(Collection entries)

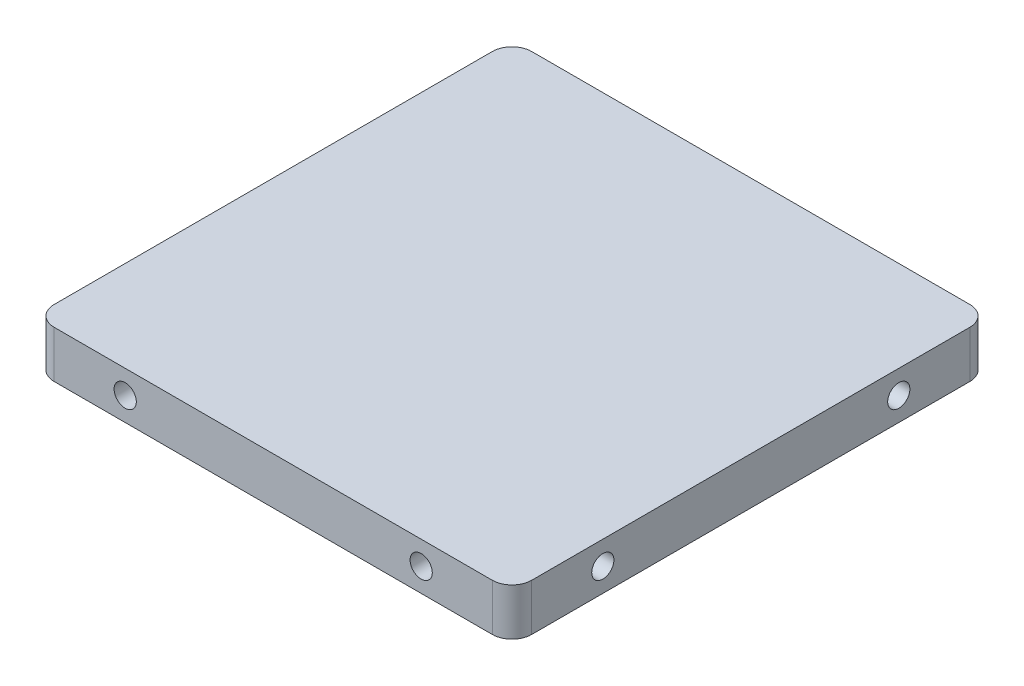
from build123d import *

# Parameters (mm, degrees)
SKETCH1_W            = 96.825
SKETCH1_H            = 96.825
BOSS_EXTRUDE1_DEPTH  = 4.7625
FILLET1_R            = 4
M4_CLEARANCE_HOLE1_D = 4.5
M4_CLEARANCE_HOLE2_D = 4.5


with BuildPart() as part:
    # Sketch1 → Boss-Extrude1 (new body, symmetric)
    with BuildSketch(Plane(origin=(0, 0, 0), x_dir=(1, 0, 0), z_dir=(0, 1, 0))):
        Rectangle(SKETCH1_W, SKETCH1_H)
    extrude(amount=BOSS_EXTRUDE1_DEPTH, both=True)

    # Fillet1
    fillet1_edges = [part.edges().sort_by_distance(p)[0] for p in [
        (-48.4125, 0, -48.4125),
        (48.4125, 0, -48.4125),
        (48.4125, 0, 48.4125),
        (-48.4125, 0, 48.4125),
    ]]
    fillet(fillet1_edges, radius=FILLET1_R)

    # M4 Clearance Hole1 (through all)
    with Locations(Plane.ZY.offset(48.4125)):
        with Locations((-30, 0), (30, 0)):
            Hole(M4_CLEARANCE_HOLE1_D / 2)

    # M4 Clearance Hole2 (through all)
    with Locations(Plane(origin=(0, 0, -48.4125), x_dir=(-1, 0, 0), z_dir=(0, 0, -1))):
        with Locations((-30, 0), (30, 0)):
            Hole(M4_CLEARANCE_HOLE2_D / 2)


solid = part.part

== EXERCISE DESCRIPTION ==
Your answer should consist of every line from the entries that holds "origin".

== ANSWER TO THIS EXERCISE ==
    with BuildSketch(Plane(origin=(0, 0, 0), x_dir=(1, 0, 0), z_dir=(0, 1, 0))):
    with Locations(Plane(origin=(0, 0, -48.4125), x_dir=(-1, 0, 0), z_dir=(0, 0, -1))):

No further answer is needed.